Pemateri juga memaparkan dampak serius dari pergaulan bebas, antara lain masalah kesehatan fisik dan mental. Secara fisik, risikonya meliputi penyakit menular seksual dan kecanduan narkoba. Sementara itu, dampak mental mencakup depresi, stres, dan penurunan rasa percaya diri. Pergaulan bebas juga dapat merusak hubungan sosial dengan keluarga dan teman.
Bimbingan ini juga mengulas pentingnya batas usia pernikahan.

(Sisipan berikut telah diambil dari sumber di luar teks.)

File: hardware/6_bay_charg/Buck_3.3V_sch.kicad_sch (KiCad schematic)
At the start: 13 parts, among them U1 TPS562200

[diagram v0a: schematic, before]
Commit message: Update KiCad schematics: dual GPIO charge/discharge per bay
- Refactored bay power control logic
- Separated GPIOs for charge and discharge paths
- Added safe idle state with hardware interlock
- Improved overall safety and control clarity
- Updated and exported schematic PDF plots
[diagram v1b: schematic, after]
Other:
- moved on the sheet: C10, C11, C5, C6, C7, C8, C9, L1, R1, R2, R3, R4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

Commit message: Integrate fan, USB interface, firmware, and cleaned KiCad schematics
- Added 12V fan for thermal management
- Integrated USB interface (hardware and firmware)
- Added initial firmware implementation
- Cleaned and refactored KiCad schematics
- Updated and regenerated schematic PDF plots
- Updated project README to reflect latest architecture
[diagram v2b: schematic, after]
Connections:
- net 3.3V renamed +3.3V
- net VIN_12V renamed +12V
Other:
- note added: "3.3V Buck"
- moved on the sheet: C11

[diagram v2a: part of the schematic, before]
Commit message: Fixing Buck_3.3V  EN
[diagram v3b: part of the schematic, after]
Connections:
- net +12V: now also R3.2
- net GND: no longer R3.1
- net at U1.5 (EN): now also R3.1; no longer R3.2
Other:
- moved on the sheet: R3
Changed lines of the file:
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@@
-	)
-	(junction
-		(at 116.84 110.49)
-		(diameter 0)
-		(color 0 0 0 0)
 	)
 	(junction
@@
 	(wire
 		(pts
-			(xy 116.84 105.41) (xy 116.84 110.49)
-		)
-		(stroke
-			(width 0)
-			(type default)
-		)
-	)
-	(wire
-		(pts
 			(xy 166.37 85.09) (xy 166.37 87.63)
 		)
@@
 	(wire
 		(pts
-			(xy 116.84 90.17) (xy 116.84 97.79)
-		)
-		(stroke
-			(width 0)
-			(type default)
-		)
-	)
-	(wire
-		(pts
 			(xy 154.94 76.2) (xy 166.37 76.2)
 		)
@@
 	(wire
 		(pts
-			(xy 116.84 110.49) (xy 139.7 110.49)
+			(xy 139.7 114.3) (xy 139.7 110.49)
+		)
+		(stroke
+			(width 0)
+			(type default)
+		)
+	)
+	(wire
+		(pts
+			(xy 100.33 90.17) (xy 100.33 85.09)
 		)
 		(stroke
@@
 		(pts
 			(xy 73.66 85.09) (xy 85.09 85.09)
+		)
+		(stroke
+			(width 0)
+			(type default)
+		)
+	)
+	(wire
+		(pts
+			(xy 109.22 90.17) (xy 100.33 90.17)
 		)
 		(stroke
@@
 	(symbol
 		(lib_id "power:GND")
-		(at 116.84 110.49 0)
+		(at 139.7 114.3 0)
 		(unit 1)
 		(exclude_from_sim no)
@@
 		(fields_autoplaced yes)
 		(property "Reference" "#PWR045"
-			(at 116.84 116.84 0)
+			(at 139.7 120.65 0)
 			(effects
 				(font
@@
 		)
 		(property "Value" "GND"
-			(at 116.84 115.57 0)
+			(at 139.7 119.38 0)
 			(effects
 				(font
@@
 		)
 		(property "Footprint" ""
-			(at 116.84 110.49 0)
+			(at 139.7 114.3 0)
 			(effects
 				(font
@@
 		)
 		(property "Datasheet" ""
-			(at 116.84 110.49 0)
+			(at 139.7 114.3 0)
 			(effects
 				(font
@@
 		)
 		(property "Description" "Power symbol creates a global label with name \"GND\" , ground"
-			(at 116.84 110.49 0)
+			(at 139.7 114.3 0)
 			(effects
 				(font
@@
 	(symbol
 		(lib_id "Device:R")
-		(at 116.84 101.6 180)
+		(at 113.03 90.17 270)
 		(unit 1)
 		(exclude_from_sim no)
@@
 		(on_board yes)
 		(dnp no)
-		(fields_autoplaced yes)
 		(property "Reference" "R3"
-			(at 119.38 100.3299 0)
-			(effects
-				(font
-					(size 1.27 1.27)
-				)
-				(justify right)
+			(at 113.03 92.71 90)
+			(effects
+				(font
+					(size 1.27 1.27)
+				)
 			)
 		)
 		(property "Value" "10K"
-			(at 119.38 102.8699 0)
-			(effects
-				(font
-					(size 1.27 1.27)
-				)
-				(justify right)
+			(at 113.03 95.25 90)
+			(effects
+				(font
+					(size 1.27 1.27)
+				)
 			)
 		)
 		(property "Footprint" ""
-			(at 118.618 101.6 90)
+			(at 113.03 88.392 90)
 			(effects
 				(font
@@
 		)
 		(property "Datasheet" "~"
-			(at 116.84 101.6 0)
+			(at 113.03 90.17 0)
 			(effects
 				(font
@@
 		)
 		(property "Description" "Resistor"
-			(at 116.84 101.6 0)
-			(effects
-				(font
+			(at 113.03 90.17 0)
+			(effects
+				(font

Para pemateri menekankan bahwa secara fisik dan mental, remaja belum siap untuk menjalani bahtera rumah tangga, yang dapat berdampak buruk pada aspek psikologis, ekonomi, sosial, dan pendidikan.
Sebagai penutup, pemateri menyimpulkan bahwa pergaulan bebas merupakan tantangan yang harus dihadapi bersama oleh orang tua, sekolah, dan masyarakat. Sinergi antara ketiga pihak ini sangat diperlukan untuk menciptakan lingkungan yang positif bagi perkembangan remaja.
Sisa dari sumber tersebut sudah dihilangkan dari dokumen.